Your Craziest Seasonal Wishlist for VCV.....Go!

I see – it’s moving the modules very far away, which has a bad side effect on Rack’s scrollbars, because now you have a patch spread over most of the available virtual space.

The only way to fix the scrollbars is to replace Rack’s Scroll Widget with a custom one that knows how to ignore the “folded” modules.

The “cables to nowhere” shouldn’t be hard to fix. Enumerating the cables of folded modules and hide/unhide the CableWidgets should do it. That might make it impossible to plug and unplug them, but that’s probably an expected side effect of folding.

Ben said it had to do with a change in the API of Rack, it used to work in Rack V1 as shown above.

Rack Fold isn’t exactly what I’m thinking about.
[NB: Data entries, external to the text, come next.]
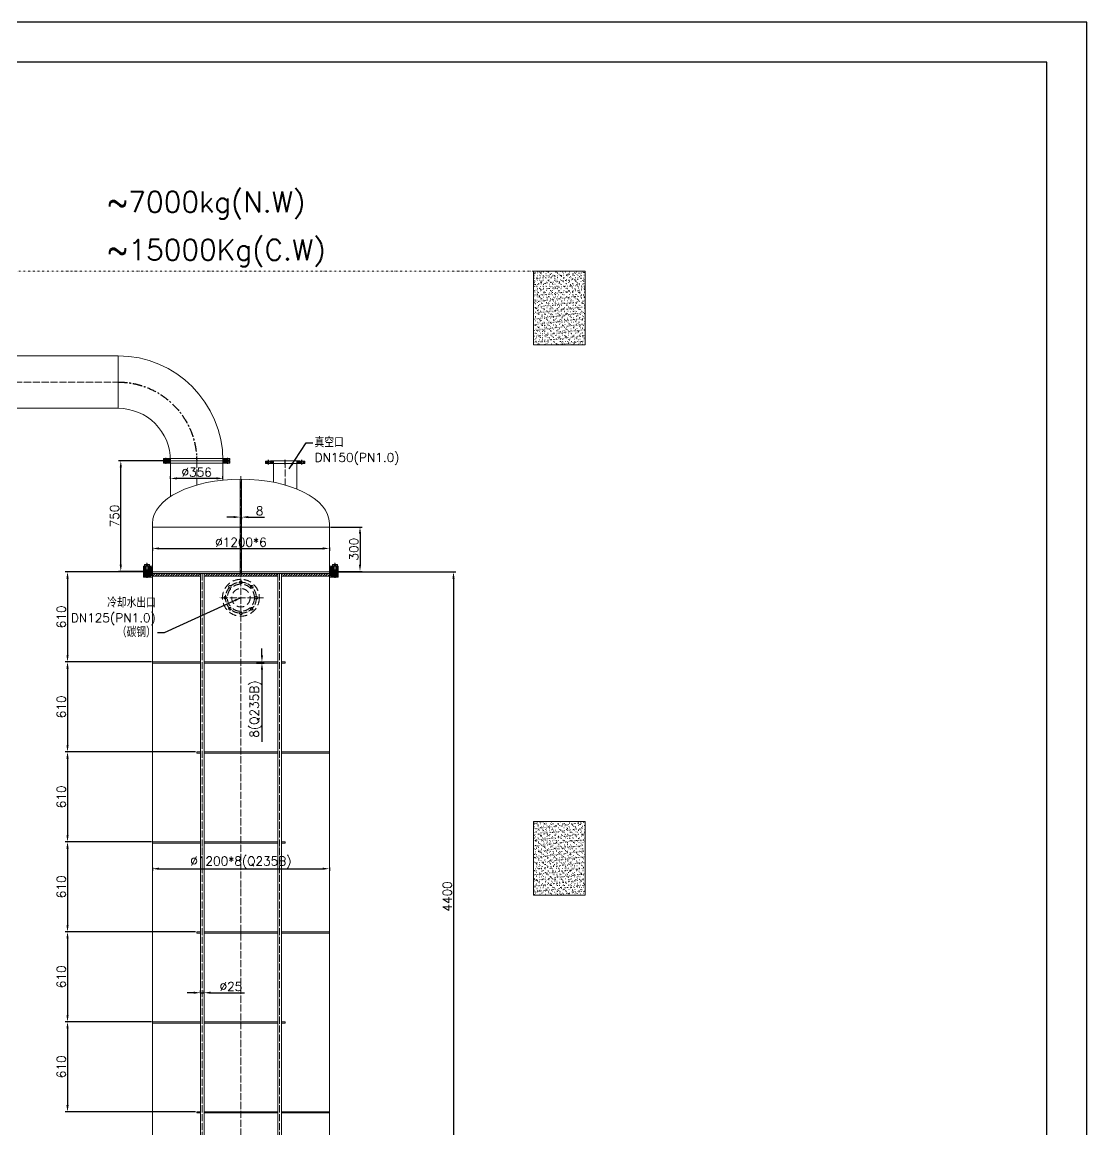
# Model space of a CAD drawing. Header units: millimetres. Extents: x 12181 to 44419, y -180123 to -157321.
# Drawn here: x 37198 to 44419, y -164830 to -157321 of the extents above; entities that cross this region are included whole.
import ezdxf

# ---------------------------------------------------------------- set-up
doc = ezdxf.new("R2010")
doc.units = ezdxf.units.MM
doc.header["$LTSCALE"] = 2
doc.header["$MEASUREMENT"] = 0
for name, pattern in [('ACAD_ISO04W100', [30, 24, -3, 0, -3]), ('CENTER', [50.8, 31.75, -6.35, 6.35, -6.35]), ('DASHEDX2', [38.1, 25.4, -12.7]), ('DIVIDE2', [15.875, 6.35, -3.175, 0, -3.175, 0, -3.175])]:
    doc.linetypes.add(name, pattern=pattern)
doc.layers.get('0').update_dxf_attribs({"lineweight": 20})
for name, color, linetype, lineweight in [('1', 1, 'Continuous', 9), ('中心线层', 1, 'ACAD_ISO04W100', 9), ('剖面线层', 4, 'Continuous', 9), ('尺寸线层', 3, 'Continuous', 13), ('细实线', 8, 'Continuous', 13), ('虚线', 142, 'DASHEDX2', 13)]:
    doc.layers.add(name, color=color, linetype=linetype, lineweight=lineweight)
doc.layers.add('3', color=3, linetype='CENTER')
doc.layers.add('border', color=2, linetype='Continuous')
doc.styles.add('HZ', font='txt.shx', dxfattribs={"bigfont": 'hztxt.shx'})
doc.styles.get("Standard").update_dxf_attribs({"font": 'txt.shx', "bigfont": 'hztxt.shx'})
doc.dimstyles.new('总装图', dxfattribs={"dimscale": 1.5, "dimtxt": 40, "dimasz": 30, "dimexe": 10, "dimexo": 5, "dimgap": 8, "dimtad": 1, "dimdec": 0, "dimtxsty": 'Standard', "dimcen": 2.5, "dimadec": 0, "dimazin": 0, "dimtfac": 1, "dimtdec": 0, "dimtmove": 0, "dimatfit": 3, "dimfxl": 1, "dimarcsym": 0})

# ---------------------------------------------------------------- blocks, each defined once
blk = doc.blocks.new('*U1008')
at = {"layer": 'border', "color": 1, "linetype": 'Continuous'}
blk.add_lwpolyline([(0, 0), (1189, 0), (1189, 841), (0, 841)], close=True, dxfattribs=at)
at = {"layer": 'border', "color": 7, "linetype": 'Continuous'}
blk.add_lwpolyline([(25, 10), (1179, 10), (1179, 831), (25, 831)], close=True, dxfattribs=at)
blk = doc.blocks.new('*D2188')
at = {"layer": 'Defpoints', "color": 0}
for p in [(39281.5, -160744), (39303.5, -161044), (39489.2, -161044)]:
    blk.add_point(p, dxfattribs=at)
at = {"layer": '尺寸线层', "color": 0, "lineweight": -2}
for p, q in [((39289, -160744), (39504.2, -160744)), ((39489.2, -160789), (39489.2, -160999)), ((39311, -161044), (39504.2, -161044))]:
    blk.add_line(p, q, dxfattribs=at)
at = {"layer": '尺寸线层', "color": 0}
for points in [[(39481.7, -160789), (39496.7, -160789), (39489.2, -160744)], [(39481.7, -160999), (39496.7, -160999), (39489.2, -161044)]]:
    blk.add_solid(points, dxfattribs=at)
at = {"layer": '尺寸线层', "color": 0, "insert": (39447.2, -160894), "char_height": 60, "attachment_point": 5, "rotation": 90}
blk.add_mtext('300', dxfattribs=at)
blk = doc.blocks.new('*D2183')
at = {"layer": 'Defpoints', "color": 0}
for p in [(37866.9, -160294), (38203.7, -160294), (38059.9, -161044)]:
    blk.add_point(p, dxfattribs=at)
at = {"layer": '尺寸线层', "color": 0, "lineweight": -2}
for p, q in [((38196.2, -160294), (37851.9, -160294)), ((37866.9, -160999), (37866.9, -160339)), ((38052.4, -161044), (37851.9, -161044))]:
    blk.add_line(p, q, dxfattribs=at)
at = {"layer": '尺寸线层', "color": 0}
for points in [[(37859.4, -160339), (37874.4, -160339), (37866.9, -160294)], [(37859.4, -160999), (37874.4, -160999), (37866.9, -161044)]]:
    blk.add_solid(points, dxfattribs=at)
at = {"layer": '尺寸线层', "color": 0, "insert": (37824.9, -160669), "char_height": 60, "attachment_point": 5, "rotation": 90}
blk.add_mtext('750', dxfattribs=at)
blk = doc.blocks.new('*D2167')
at = {"layer": 'Defpoints', "color": 0}
for p in [(38081.5, -160875), (39281.5, -160875), (39281.5, -160888.9)]:
    blk.add_point(p, dxfattribs=at)
at = {"layer": '尺寸线层', "color": 0, "lineweight": -2}
for p, q in [((38081.5, -160882.5), (38081.5, -160903.9)), ((38126.5, -160888.9), (39236.5, -160888.9)), ((39281.5, -160882.5), (39281.5, -160903.9))]:
    blk.add_line(p, q, dxfattribs=at)
at = {"layer": '尺寸线层', "color": 0}
for points in [[(38126.5, -160881.4), (38126.5, -160896.4), (38081.5, -160888.9)], [(39236.5, -160881.4), (39236.5, -160896.4), (39281.5, -160888.9)]]:
    blk.add_solid(points, dxfattribs=at)
at = {"layer": '尺寸线层', "color": 0, "insert": (38681.5, -160846.9), "char_height": 60, "attachment_point": 5}
blk.add_mtext('%%C1200*6', dxfattribs=at)
blk = doc.blocks.new('*D2187')
at = {"layer": 'Defpoints', "color": 0}
for p in [(39303.5, -161048), (39304.5, -165448), (40123.3, -165448)]:
    blk.add_point(p, dxfattribs=at)
at = {"layer": '尺寸线层', "color": 0, "lineweight": -2}
for p, q in [((39311, -161048), (40138.3, -161048)), ((40123.3, -161093), (40123.3, -165403)), ((39312, -165448), (40138.3, -165448))]:
    blk.add_line(p, q, dxfattribs=at)
at = {"layer": '尺寸线层', "color": 0}
for points in [[(40115.8, -161093), (40130.8, -161093), (40123.3, -161048)], [(40115.8, -165403), (40130.8, -165403), (40123.3, -165448)]]:
    blk.add_solid(points, dxfattribs=at)
at = {"layer": '尺寸线层', "color": 0, "insert": (40081.3, -163248), "char_height": 60, "attachment_point": 5, "rotation": 90}
blk.add_mtext('4400', dxfattribs=at)
blk = doc.blocks.new('A$C5DE63F6B')
for centre, radius in [((0, -147), 125), ((0, -147), 92), ((-74.2, -72.8), 9), ((0, -42), 9), ((74.2, -72.8), 9), ((-105, -147), 9), ((0, -147), 62.5), ((105, -147), 9), ((-74.2, -221.2), 9), ((74.2, -221.2), 9), ((0, -252), 9)]:
    blk.add_circle(centre, radius)
at = {"layer": '中心线层'}
blk.add_line((152.4, -147), (-148.1, -147), dxfattribs=at)
blk.add_circle((0, -147), 105, dxfattribs=at)
blk = doc.blocks.new('*D2170')
at = {"layer": 'Defpoints', "color": 0}
for p in [(38081.5, -163043.4), (39281.5, -163043.4), (39281.5, -163060.1)]:
    blk.add_point(p, dxfattribs=at)
at = {"layer": '尺寸线层', "color": 0, "lineweight": -2}
for p, q in [((38081.5, -163050.9), (38081.5, -163075.1)), ((38126.5, -163060.1), (39236.5, -163060.1)), ((39281.5, -163050.9), (39281.5, -163075.1))]:
    blk.add_line(p, q, dxfattribs=at)
at = {"layer": '尺寸线层', "color": 0}
for points in [[(38126.5, -163052.6), (38126.5, -163067.6), (38081.5, -163060.1)], [(39236.5, -163052.6), (39236.5, -163067.6), (39281.5, -163060.1)]]:
    blk.add_solid(points, dxfattribs=at)
at = {"layer": '尺寸线层', "color": 0, "insert": (38681.5, -163018.1), "char_height": 60, "attachment_point": 5}
blk.add_mtext('%%c1200*8(Q235B)', dxfattribs=at)
blk = doc.blocks.new('*D2169')
at = {"layer": 'Defpoints', "color": 0}
for p in [(38406.8, -163911.5), (38431.8, -163900.7), (38431.8, -163911.5)]:
    blk.add_point(p, dxfattribs=at)
at = {"layer": '尺寸线层', "color": 0, "lineweight": -2}
for p, q in [((38361.8, -163900.7), (38316.8, -163900.7)), ((38406.8, -163904), (38406.8, -163885.7)), ((38406.8, -163900.7), (38431.8, -163900.7)), ((38431.8, -163904), (38431.8, -163885.7)), ((38476.8, -163900.7), (38705.8, -163900.7))]:
    blk.add_line(p, q, dxfattribs=at)
at = {"layer": '尺寸线层', "color": 0}
for points in [[(38361.8, -163893.2), (38361.8, -163908.2), (38406.8, -163900.7)], [(38476.8, -163893.2), (38476.8, -163908.2), (38431.8, -163900.7)]]:
    blk.add_solid(points, dxfattribs=at)
at = {"layer": '尺寸线层', "color": 0, "insert": (38613.8, -163858.7), "char_height": 60, "attachment_point": 5}
blk.add_mtext('%%c25', dxfattribs=at)
blk = doc.blocks.new('*D2181')
at = {"layer": 'Defpoints', "color": 0}
for p in [(38059.5, -161047.6), (37505.5, -161658), (38081.5, -161658)]:
    blk.add_point(p, dxfattribs=at)
at = {"layer": '尺寸线层', "color": 0, "lineweight": -2}
for p, q in [((38052, -161047.6), (37490.5, -161047.6)), ((37505.5, -161092.6), (37505.5, -161613)), ((38074, -161658), (37490.5, -161658))]:
    blk.add_line(p, q, dxfattribs=at)
at = {"layer": '尺寸线层', "color": 0}
for points in [[(37498, -161092.6), (37513, -161092.6), (37505.5, -161047.6)], [(37498, -161613), (37513, -161613), (37505.5, -161658)]]:
    blk.add_solid(points, dxfattribs=at)
at = {"layer": '尺寸线层', "color": 0, "insert": (37463.5, -161352.8), "char_height": 60, "attachment_point": 5, "rotation": 90}
blk.add_mtext('610', dxfattribs=at)
blk = doc.blocks.new('*D2180')
at = {"layer": 'Defpoints', "color": 0}
for p in [(38081.5, -161658), (37505.5, -162268), (38381.5, -162268)]:
    blk.add_point(p, dxfattribs=at)
at = {"layer": '尺寸线层', "color": 0, "lineweight": -2}
for p, q in [((38074, -161658), (37490.5, -161658)), ((37505.5, -161703), (37505.5, -162223)), ((38374, -162268), (37490.5, -162268))]:
    blk.add_line(p, q, dxfattribs=at)
at = {"layer": '尺寸线层', "color": 0}
for points in [[(37498, -161703), (37513, -161703), (37505.5, -161658)], [(37498, -162223), (37513, -162223), (37505.5, -162268)]]:
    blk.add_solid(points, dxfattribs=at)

It does simplify the whole patch, but it doesn’t give you any clues as to what’s folded up or what’s going on with modules that are folded up. It just makes them temporarily disappear from view while still working.

That’s why I mentioned block diagrams. A block diagram gives you high level clues about a function, and basic inputs and outputs, while obscuring the implementation details. I’d like to be able to switch back and forth between these two levels.

You did ask for Craziest Seasonal Wishlist, right?

Yep, the idea of this thread was your most bonkers ideas, regardless of practicality/technical feasibility etc!

1 Like

In Peter’s example, the knob controlling the width could be internal to the folded group, like setting a constant value. Or it could be external to the folded group, part of the identity of what the block does. It’s a basic design decision.

yeah - the folding part is just one part of the puzzle to achieve hierarchical structure.

Rack supporting multiple top-level windows would be a related solution. You’d just put each subsection in a separate window. The challenge there is how to you display the interconnections? I can imagine that in each window they go into a jack strip at the edge of the window that you can move anywhere on the top/bottom/sides, and perhaps a way to name each connection.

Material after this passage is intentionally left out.